[Data for this task]

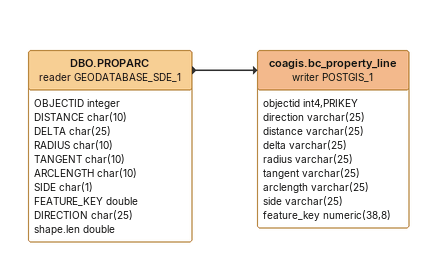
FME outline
DBO.PROPARC (reader GEODATABASE_SDE_1)
    attributes: OBJECTID integer, DISTANCE char(10), DELTA char(25), RADIUS char(10), TANGENT char(10), ARCLENGTH char(10), SIDE char(1), FEATURE_KEY double, DIRECTION char(25), shape.len double
    -> coagis.bc_property_line (writer POSTGIS_1)
coagis.bc_property_line (writer POSTGIS_1)
    attributes: objectid int4,PRIKEY, direction varchar(25), distance varchar(25), delta varchar(25), radius varchar(25), tangent varchar(25), arclength varchar(25), side varchar(25), feature_key numeric(38,8)
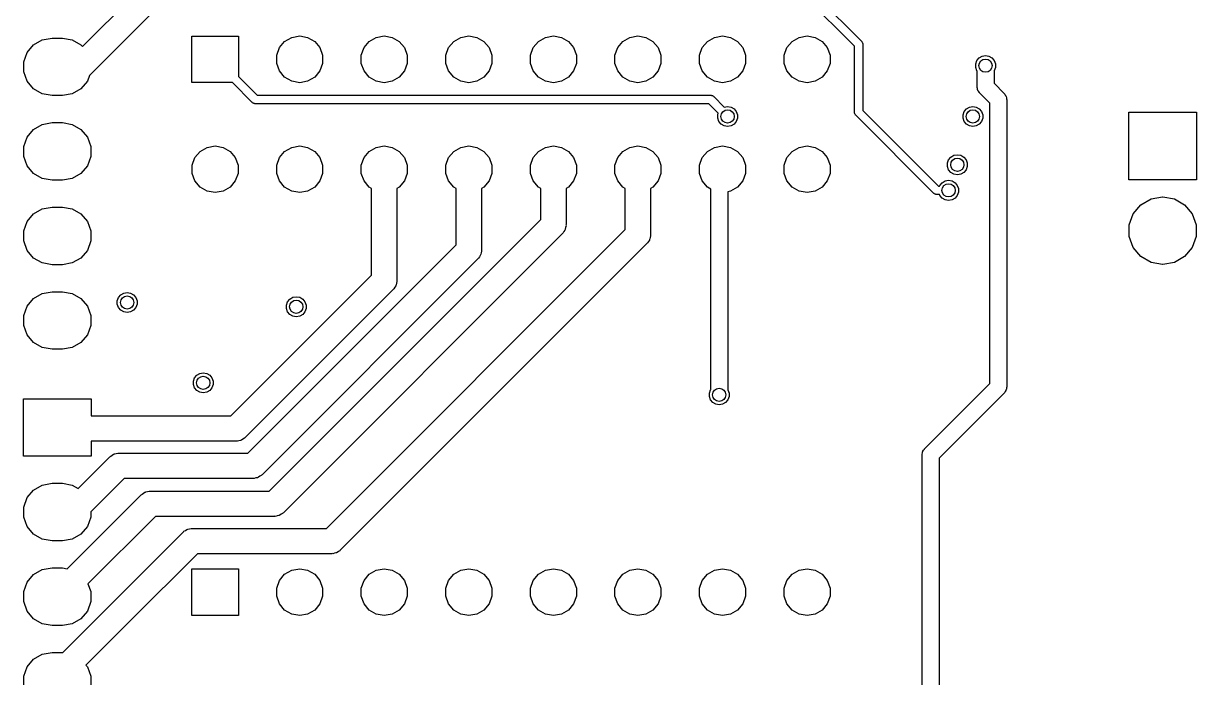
# Model space of a CAD drawing. Extents: x 10 to 287, y -200 to -10.
# Drawn here: x 82.48 to 117.72, y -109.56 to -89.92 of the extents above; entities that cross this region are included whole.
import ezdxf

# ---------------------------------------------------------------- set-up
doc = ezdxf.new("R2010")
doc.units = 0
doc.header["$MEASUREMENT"] = 0
doc.layers.add('BLACK', color=7, linetype='CONTINUOUS')

msp = doc.modelspace()

# ---------------------------------------------------------------- linework, layer by layer
at = {"layer": 'Black'}
for p, q in [((84.2576, -90.6136), (86.6706, -88.2006)), ((105.5, -88.3022), (107.659, -90.4612)), ((107.442, -90.6036), (105.357, -88.519)), ((87.0978, -88.851), (84.468, -91.4808)), ((82.7886, -90.5584), (83.0483, -90.4085)), ((83.0483, -90.4085), (83.3437, -90.3564)), ((83.3437, -90.3564), (83.6563, -90.3564)), ((83.6563, -90.3564), (83.9517, -90.4085)), ((83.9517, -90.4085), (84.2114, -90.5584)), ((87.5411, -91.694), (87.5411, -90.297)), ((87.5411, -90.297), (88.9381, -90.297)), ((88.9381, -90.297), (88.9381, -91.5144)), ((90.1724, -90.6449), (90.3289, -90.4584)), ((90.3289, -90.4584), (90.5398, -90.3366)), ((90.5398, -90.3366), (90.7796, -90.2943)), ((90.7796, -90.2943), (91.0194, -90.3366)), ((91.0194, -90.3366), (91.2303, -90.4584)), ((91.2303, -90.4584), (91.3868, -90.6449)), ((92.7124, -90.6449), (92.8689, -90.4584)), ((92.8689, -90.4584), (93.0798, -90.3366)), ((93.0798, -90.3366), (93.3196, -90.2943)), ((93.3196, -90.2943), (93.5594, -90.3366)), ((93.5594, -90.3366), (93.7703, -90.4584)), ((93.7703, -90.4584), (93.9268, -90.6449)), ((95.2524, -90.6449), (95.4089, -90.4584)), ((95.4089, -90.4584), (95.6198, -90.3366)), ((95.6198, -90.3366), (95.8596, -90.2943)), ((95.8596, -90.2943), (96.0994, -90.3366)), ((96.0994, -90.3366), (96.3103, -90.4584)), ((96.3103, -90.4584), (96.4668, -90.6449)), ((97.7924, -90.6449), (97.9489, -90.4584)), ((97.9489, -90.4584), (98.1598, -90.3366)), ((98.1598, -90.3366), (98.3996, -90.2943)), ((98.3996, -90.2943), (98.6394, -90.3366)), ((98.6394, -90.3366), (98.8503, -90.4584)), ((98.8503, -90.4584), (99.0068, -90.6449)), ((100.332, -90.6449), (100.489, -90.4584)), ((100.489, -90.4584), (100.7, -90.3366)), ((100.7, -90.3366), (100.94, -90.2943)), ((100.94, -90.2943), (101.179, -90.3366)), ((101.179, -90.3366), (101.39, -90.4584)), ((101.39, -90.4584), (101.547, -90.6449)), ((102.872, -90.6449), (103.029, -90.4584)), ((103.029, -90.4584), (103.24, -90.3366)), ((103.24, -90.3366), (103.48, -90.2943)), ((103.48, -90.2943), (103.719, -90.3366)), ((103.719, -90.3366), (103.93, -90.4584)), ((103.93, -90.4584), (104.087, -90.6449)), ((105.412, -90.6449), (105.569, -90.4584)), ((105.569, -90.4584), (105.78, -90.3366)), ((105.78, -90.3366), (106.02, -90.2943)), ((106.02, -90.2943), (106.259, -90.3366)), ((106.259, -90.3366), (106.47, -90.4584)), ((106.47, -90.4584), (106.627, -90.6449)), ((107.659, -90.4612), (107.662, -90.4658)), ((107.662, -90.4658), (107.666, -90.4694)), ((107.666, -90.4694), (107.675, -90.4837)), ((107.675, -90.4837), (107.684, -90.4973)), ((107.684, -90.4973), (107.686, -90.5027)), ((107.686, -90.5027), (107.688, -90.5076)), ((107.688, -90.5076), (107.691, -90.5239)), ((107.691, -90.5239), (107.696, -90.5399)), ((107.696, -90.5399), (107.695, -90.5455)), ((107.695, -90.5455), (107.696, -90.551)), ((82.4932, -91.07), (82.5958, -90.7882)), ((82.5958, -90.7882), (82.7886, -90.5584)), ((84.2114, -90.5584), (84.2576, -90.6136)), ((90.0891, -90.8737), (90.1724, -90.6449)), ((90.0891, -91.1173), (90.0891, -90.8737)), ((91.3868, -90.6449), (91.4701, -90.8737)), ((91.4701, -90.8737), (91.4701, -91.1173)), ((92.6291, -90.8737), (92.7124, -90.6449)), ((92.6291, -91.1173), (92.6291, -90.8737)), ((93.9268, -90.6449), (94.0101, -90.8737)), ((94.0101, -90.8737), (94.0101, -91.1173)), ((95.1691, -90.8737), (95.2524, -90.6449)), ((95.1691, -91.1173), (95.1691, -90.8737)), ((96.4668, -90.6449), (96.5501, -90.8737)), ((96.5501, -90.8737), (96.5501, -91.1173)), ((97.7091, -90.8737), (97.7924, -90.6449)), ((97.7091, -91.1173), (97.7091, -90.8737)), ((99.0068, -90.6449), (99.0901, -90.8737)), ((99.0901, -90.8737), (99.0901, -91.1173)), ((100.249, -90.8737), (100.332, -90.6449)), ((100.249, -91.1173), (100.249, -90.8737)), ((101.547, -90.6449), (101.63, -90.8737)), ((101.63, -90.8737), (101.63, -91.1173)), ((102.789, -90.8737), (102.872, -90.6449)), ((102.789, -91.1173), (102.789, -90.8737)), ((104.087, -90.6449), (104.17, -90.8737)), ((104.17, -90.8737), (104.17, -91.1173)), ((105.329, -90.8737), (105.412, -90.6449)), ((105.329, -91.1173), (105.329, -90.8737)), ((106.627, -90.6449), (106.71, -90.8737)), ((106.71, -90.8737), (106.71, -91.1173)), ((107.442, -92.583), (107.442, -90.6036)), ((107.696, -90.551), (107.696, -92.5304)), ((111.276, -90.9033), (111.379, -90.8851)), ((111.379, -90.8851), (111.482, -90.9033)), ((82.4932, -91.37), (82.4932, -91.07)), ((90.1724, -91.3461), (90.0891, -91.1173)), ((91.4701, -91.1173), (91.3868, -91.3461)), ((92.7124, -91.3461), (92.6291, -91.1173)), ((94.0101, -91.1173), (93.9268, -91.3461)), ((95.2524, -91.3461), (95.1691, -91.1173)), ((96.5501, -91.1173), (96.4668, -91.3461)), ((97.7924, -91.3461), (97.7091, -91.1173)), ((99.0901, -91.1173), (99.0068, -91.3461)), ((100.332, -91.3461), (100.249, -91.1173)), ((101.63, -91.1173), (101.547, -91.3461)), ((102.872, -91.3461), (102.789, -91.1173)), ((104.17, -91.1173), (104.087, -91.3461)), ((105.412, -91.3461), (105.329, -91.1173)), ((106.71, -91.1173), (106.627, -91.3461)), ((111.083, -91.1338), (111.118, -91.0356)), ((111.083, -91.2382), (111.083, -91.1338)), ((111.118, -91.3364), (111.083, -91.2382)), ((111.118, -91.0356), (111.186, -90.9555)), ((111.186, -90.9555), (111.276, -90.9033)), ((111.482, -90.9033), (111.572, -90.9555)), ((111.572, -90.9555), (111.64, -91.0356)), ((111.64, -91.0356), (111.675, -91.1338)), ((111.675, -91.2382), (111.64, -91.3364)), ((111.675, -91.1338), (111.675, -91.2382)), ((82.5958, -91.6518), (82.4932, -91.37)), ((84.4659, -91.4823), (84.4042, -91.6518)), ((84.468, -91.4808), (84.4659, -91.4823)), ((88.9381, -91.5144), (89.4987, -92.075)), ((90.3289, -91.5326), (90.1724, -91.3461)), ((90.5398, -91.6544), (90.3289, -91.5326)), ((91.2303, -91.5326), (91.0194, -91.6544)), ((91.3868, -91.3461), (91.2303, -91.5326)), ((92.8689, -91.5326), (92.7124, -91.3461)), ((93.0798, -91.6544), (92.8689, -91.5326)), ((93.7703, -91.5326), (93.5594, -91.6544)), ((93.9268, -91.3461), (93.7703, -91.5326)), ((95.4089, -91.5326), (95.2524, -91.3461)), ((95.6198, -91.6544), (95.4089, -91.5326)), ((96.3103, -91.5326), (96.0994, -91.6544)), ((96.4668, -91.3461), (96.3103, -91.5326)), ((97.9489, -91.5326), (97.7924, -91.3461)), ((98.1598, -91.6544), (97.9489, -91.5326)), ((98.8503, -91.5326), (98.6394, -91.6544)), ((99.0068, -91.3461), (98.8503, -91.5326)), ((100.489, -91.5326), (100.332, -91.3461)), ((100.7, -91.6544), (100.489, -91.5326)), ((101.39, -91.5326), (101.179, -91.6544)), ((101.547, -91.3461), (101.39, -91.5326)), ((103.029, -91.5326), (102.872, -91.3461)), ((103.24, -91.6544), (103.029, -91.5326)), ((103.93, -91.5326), (103.719, -91.6544)), ((104.087, -91.3461), (103.93, -91.5326)), ((105.569, -91.5326), (105.412, -91.3461)), ((105.78, -91.6544), (105.569, -91.5326)), ((106.47, -91.5326), (106.259, -91.6544)), ((106.627, -91.3461), (106.47, -91.5326)), ((111.125, -91.3442), (111.118, -91.3364)), ((111.125, -91.821), (111.125, -91.3442)), ((111.64, -91.3364), (111.633, -91.3442)), ((111.633, -91.3442), (111.633, -91.7158)), ((82.7886, -91.8816), (82.5958, -91.6518)), ((83.0483, -92.0315), (82.7886, -91.8816)), ((84.2114, -91.8816), (83.9517, -92.0315)), ((84.4042, -91.6518), (84.2114, -91.8816)), ((88.7585, -91.694), (87.5411, -91.694)), ((89.3563, -92.2918), (88.7585, -91.694)), ((90.7796, -91.6967), (90.5398, -91.6544)), ((91.0194, -91.6544), (90.7796, -91.6967)), ((93.3196, -91.6967), (93.0798, -91.6544)), ((93.5594, -91.6544), (93.3196, -91.6967)), ((95.8596, -91.6967), (95.6198, -91.6544)), ((96.0994, -91.6544), (95.8596, -91.6967)), ((98.3996, -91.6967), (98.1598, -91.6544)), ((98.6394, -91.6544), (98.3996, -91.6967)), ((100.94, -91.6967), (100.7, -91.6544)), ((101.179, -91.6544), (100.94, -91.6967)), ((103.48, -91.6967), (103.24, -91.6544)), ((103.719, -91.6544), (103.48, -91.6967)), ((106.02, -91.6967), (105.78, -91.6544)), ((106.259, -91.6544), (106.02, -91.6967)), ((111.127, -91.832), (111.125, -91.821)), ((111.126, -91.8431), (111.127, -91.832)), ((111.135, -91.8752), (111.126, -91.8431)), ((111.14, -91.9079), (111.135, -91.8752)), ((111.146, -91.9176), (111.14, -91.9079)), ((111.149, -91.9283), (111.146, -91.9176)), ((111.168, -91.9555), (111.149, -91.9283)), ((111.184, -91.9843), (111.168, -91.9555)), ((111.633, -91.7158), (111.94, -92.0224)), ((83.3437, -92.0836), (83.0483, -92.0315)), ((83.6563, -92.0836), (83.3437, -92.0836)), ((83.9517, -92.0315), (83.6563, -92.0836)), ((89.3609, -92.295), (89.3563, -92.2918)), ((89.3645, -92.2993), (89.3609, -92.295)), ((89.3788, -92.3076), (89.3645, -92.2993)), ((89.3924, -92.3171), (89.3788, -92.3076)), ((89.4987, -92.075), (103.124, -92.075)), ((103.124, -92.075), (103.13, -92.076)), ((103.13, -92.076), (103.135, -92.0755)), ((103.135, -92.0755), (103.151, -92.0798)), ((103.151, -92.0798), (103.167, -92.0827)), ((103.167, -92.0827), (103.172, -92.0855)), ((103.172, -92.0855), (103.178, -92.0869)), ((103.178, -92.0869), (103.191, -92.0964)), ((103.191, -92.0964), (103.206, -92.1047)), ((103.206, -92.1047), (103.209, -92.109)), ((103.209, -92.109), (103.214, -92.1122)), ((103.214, -92.1122), (103.529, -92.4274)), ((111.193, -91.9915), (111.184, -91.9843)), ((111.199, -92.0006), (111.193, -91.9915)), ((111.506, -92.3072), (111.199, -92.0006)), ((111.506, -100.733), (111.506, -92.3072)), ((111.94, -92.0224), (111.946, -92.0315)), ((111.946, -92.0315), (111.955, -92.0387)), ((111.955, -92.0387), (111.971, -92.0675)), ((111.971, -92.0675), (111.99, -92.0947)), ((111.99, -92.0947), (111.993, -92.1054)), ((111.993, -92.1054), (111.999, -92.1151)), ((111.999, -92.1151), (112.004, -92.1478)), ((112.004, -92.1478), (112.013, -92.1799)), ((112.013, -92.1799), (112.012, -92.191)), ((112.012, -92.191), (112.014, -92.202)), ((112.014, -92.202), (112.014, -100.838)), ((89.3978, -92.3185), (89.3924, -92.3171)), ((89.4027, -92.3213), (89.3978, -92.3185)), ((89.419, -92.3242), (89.4027, -92.3213)), ((89.435, -92.3285), (89.419, -92.3242)), ((89.4406, -92.328), (89.435, -92.3285)), ((89.4461, -92.329), (89.4406, -92.328)), ((103.071, -92.329), (89.4461, -92.329)), ((103.353, -92.6105), (103.071, -92.329)), ((103.336, -92.6578), (103.353, -92.6105)), ((103.336, -92.7622), (103.336, -92.6578)), ((103.529, -92.4273), (103.632, -92.4091)), ((103.529, -92.4274), (103.529, -92.4273)), ((103.632, -92.4091), (103.735, -92.4273)), ((103.735, -92.4273), (103.825, -92.4795)), ((103.825, -92.4795), (103.893, -92.5596)), ((103.893, -92.5596), (103.928, -92.6578)), ((103.928, -92.6578), (103.928, -92.7622)), ((107.443, -92.5885), (107.442, -92.583)), ((107.442, -92.5941), (107.443, -92.5885)), ((107.447, -92.6101), (107.442, -92.5941)), ((107.45, -92.6264), (107.447, -92.6101)), ((107.452, -92.6313), (107.45, -92.6264)), ((107.454, -92.6367), (107.452, -92.6313)), ((107.463, -92.6503), (107.454, -92.6367)), ((107.472, -92.6646), (107.463, -92.6503)), ((107.696, -92.5304), (109.969, -94.803)), ((110.702, -92.6578), (110.737, -92.5596)), ((110.702, -92.7622), (110.702, -92.6578)), ((110.737, -92.5596), (110.805, -92.4795)), ((110.805, -92.4795), (110.895, -92.4273)), ((110.895, -92.4273), (110.998, -92.4091)), ((110.998, -92.4091), (111.101, -92.4273)), ((111.101, -92.4273), (111.191, -92.4795)), ((111.191, -92.4795), (111.259, -92.5596)), ((111.259, -92.5596), (111.294, -92.6578)), ((111.294, -92.6578), (111.294, -92.7622)), ((115.684, -94.616), (115.684, -92.584)), ((115.684, -92.584), (117.716, -92.584)), ((117.716, -92.584), (117.716, -94.616)), ((82.7886, -93.0984), (83.0483, -92.9485)), ((83.0483, -92.9485), (83.3437, -92.8964)), ((83.3437, -92.8964), (83.6563, -92.8964)), ((83.6563, -92.8964), (83.9517, -92.9485)), ((83.9517, -92.9485), (84.2114, -93.0984)), ((103.371, -92.8604), (103.336, -92.7622)), ((103.439, -92.9405), (103.371, -92.8604)), ((103.529, -92.9927), (103.439, -92.9405)), ((103.632, -93.0109), (103.529, -92.9927)), ((103.735, -92.9927), (103.632, -93.0109)), ((103.825, -92.9405), (103.735, -92.9927)), ((103.893, -92.8604), (103.825, -92.9405)), ((103.928, -92.7622), (103.893, -92.8604)), ((107.476, -92.6682), (107.472, -92.6646)), ((107.479, -92.6728), (107.476, -92.6682)), ((109.826, -95.0198), (107.479, -92.6728)), ((110.737, -92.8604), (110.702, -92.7622)), ((110.805, -92.9405), (110.737, -92.8604)), ((110.895, -92.9927), (110.805, -92.9405)), ((110.998, -93.0109), (110.895, -92.9927)), ((111.101, -92.9927), (110.998, -93.0109)), ((111.191, -92.9405), (111.101, -92.9927)), ((111.259, -92.8604), (111.191, -92.9405)), ((111.294, -92.7622), (111.259, -92.8604)), ((82.4932, -93.61), (82.5958, -93.3282)), ((82.5958, -93.3282), (82.7886, -93.0984)), ((84.2114, -93.0984), (84.4042, -93.3282)), ((84.4042, -93.3282), (84.5068, -93.61)), ((82.4932, -93.91), (82.4932, -93.61)), ((84.5068, -93.61), (84.5068, -93.91)), ((87.7889, -93.7604), (87.9998, -93.6386)), ((87.9998, -93.6386), (88.2396, -93.5963)), ((88.2396, -93.5963), (88.4794, -93.6386)), ((88.4794, -93.6386), (88.6903, -93.7604)), ((90.3289, -93.7604), (90.5398, -93.6386)), ((90.5398, -93.6386), (90.7796, -93.5963)), ((90.7796, -93.5963), (91.0194, -93.6386)), ((91.0194, -93.6386), (91.2303, -93.7604)), ((92.8689, -93.7604), (93.0798, -93.6386)), ((93.0798, -93.6386), (93.3196, -93.5963)), ((93.3196, -93.5963), (93.5594, -93.6386)), ((93.5594, -93.6386), (93.7703, -93.7604)), ((95.4089, -93.7604), (95.6198, -93.6386)), ((95.6198, -93.6386), (95.8596, -93.5963)), ((95.8596, -93.5963), (96.0994, -93.6386)), ((96.0994, -93.6386), (96.3103, -93.7604)), ((97.9489, -93.7604), (98.1598, -93.6386)), ((98.1598, -93.6386), (98.3996, -93.5963)), ((98.3996, -93.5963), (98.6394, -93.6386)), ((98.6394, -93.6386), (98.8503, -93.7604)), ((100.489, -93.7604), (100.7, -93.6386)), ((100.7, -93.6386), (100.94, -93.5963)), ((100.94, -93.5963), (101.179, -93.6386)), ((101.179, -93.6386), (101.39, -93.7604)), ((103.029, -93.7604), (103.24, -93.6386)), ((103.24, -93.6386), (103.48, -93.5963)), ((103.48, -93.5963), (103.719, -93.6386)), ((103.719, -93.6386), (103.93, -93.7604)), ((105.569, -93.7604), (105.78, -93.6386)), ((105.78, -93.6386), (106.02, -93.5963)), ((106.02, -93.5963), (106.259, -93.6386)), ((106.259, -93.6386), (106.47, -93.7604)), ((82.5958, -94.1918), (82.4932, -93.91)), ((84.5068, -93.91), (84.4042, -94.1918)), ((87.5491, -94.1757), (87.6324, -93.9469)), ((87.6324, -93.9469), (87.7889, -93.7604)), ((88.6903, -93.7604), (88.8468, -93.9469)), ((88.8468, -93.9469), (88.9301, -94.1757)), ((90.0891, -94.1757), (90.1724, -93.9469)), ((90.1724, -93.9469), (90.3289, -93.7604)), ((91.2303, -93.7604), (91.3868, -93.9469)), ((91.3868, -93.9469), (91.4701, -94.1757)), ((92.6291, -94.1757), (92.7124, -93.9469)), ((92.7124, -93.9469), (92.8689, -93.7604)), ((93.7703, -93.7604), (93.9268, -93.9469)), ((93.9268, -93.9469), (94.0101, -94.1757)), ((95.1691, -94.1757), (95.2524, -93.9469)), ((95.2524, -93.9469), (95.4089, -93.7604)), ((96.3103, -93.7604), (96.4668, -93.9469)), ((96.4668, -93.9469), (96.5501, -94.1757)), ((97.7091, -94.1757), (97.7924, -93.9469)), ((97.7924, -93.9469), (97.9489, -93.7604)), ((98.8503, -93.7604), (99.0068, -93.9469)), ((99.0068, -93.9469), (99.0901, -94.1757)), ((100.249, -94.1757), (100.332, -93.9469)), ((100.332, -93.9469), (100.489, -93.7604)), ((101.39, -93.7604), (101.547, -93.9469)), ((101.547, -93.9469), (101.63, -94.1757)), ((102.789, -94.1757), (102.872, -93.9469)), ((102.872, -93.9469), (103.029, -93.7604)), ((103.93, -93.7604), (104.087, -93.9469)), ((104.087, -93.9469), (104.17, -94.1757)), ((105.329, -94.1757), (105.412, -93.9469)), ((105.412, -93.9469), (105.569, -93.7604)), ((106.47, -93.7604), (106.627, -93.9469)), ((106.627, -93.9469), (106.71, -94.1757)), ((110.236, -94.1078), (110.271, -94.0096)), ((110.271, -94.0096), (110.339, -93.9295)), ((110.339, -93.9295), (110.429, -93.8773)), ((110.429, -93.8773), (110.532, -93.8591)), ((110.532, -93.8591), (110.635, -93.8773)), ((110.635, -93.8773), (110.725, -93.9295)), ((110.725, -93.9295), (110.793, -94.0096)), ((110.793, -94.0096), (110.828, -94.1078)), ((82.7886, -94.4216), (82.5958, -94.1918)), ((83.0483, -94.5715), (82.7886, -94.4216)), ((84.2114, -94.4216), (83.9517, -94.5715)), ((84.4042, -94.1918), (84.2114, -94.4216)), ((87.5491, -94.4193), (87.5491, -94.1757)), ((87.6324, -94.6481), (87.5491, -94.4193)), ((88.9301, -94.4193), (88.8468, -94.6481)), ((88.9301, -94.1757), (88.9301, -94.4193)), ((90.0891, -94.4193), (90.0891, -94.1757)), ((90.1724, -94.6481), (90.0891, -94.4193)), ((91.4701, -94.4193), (91.3868, -94.6481)), ((91.4701, -94.1757), (91.4701, -94.4193)), ((92.6291, -94.4193), (92.6291, -94.1757)), ((92.7124, -94.6481), (92.6291, -94.4193)), ((94.0101, -94.4193), (93.9268, -94.6481)), ((94.0101, -94.1757), (94.0101, -94.4193)), ((95.1691, -94.4193), (95.1691, -94.1757)), ((95.2524, -94.6481), (95.1691, -94.4193)), ((96.5501, -94.4193), (96.4668, -94.6481)), ((96.5501, -94.1757), (96.5501, -94.4193)), ((97.7091, -94.4193), (97.7091, -94.1757)), ((97.7924, -94.6481), (97.7091, -94.4193)), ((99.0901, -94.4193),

[/Data for this task]

For every line of the records above that holds the word "writer", count one, and state the total only.

2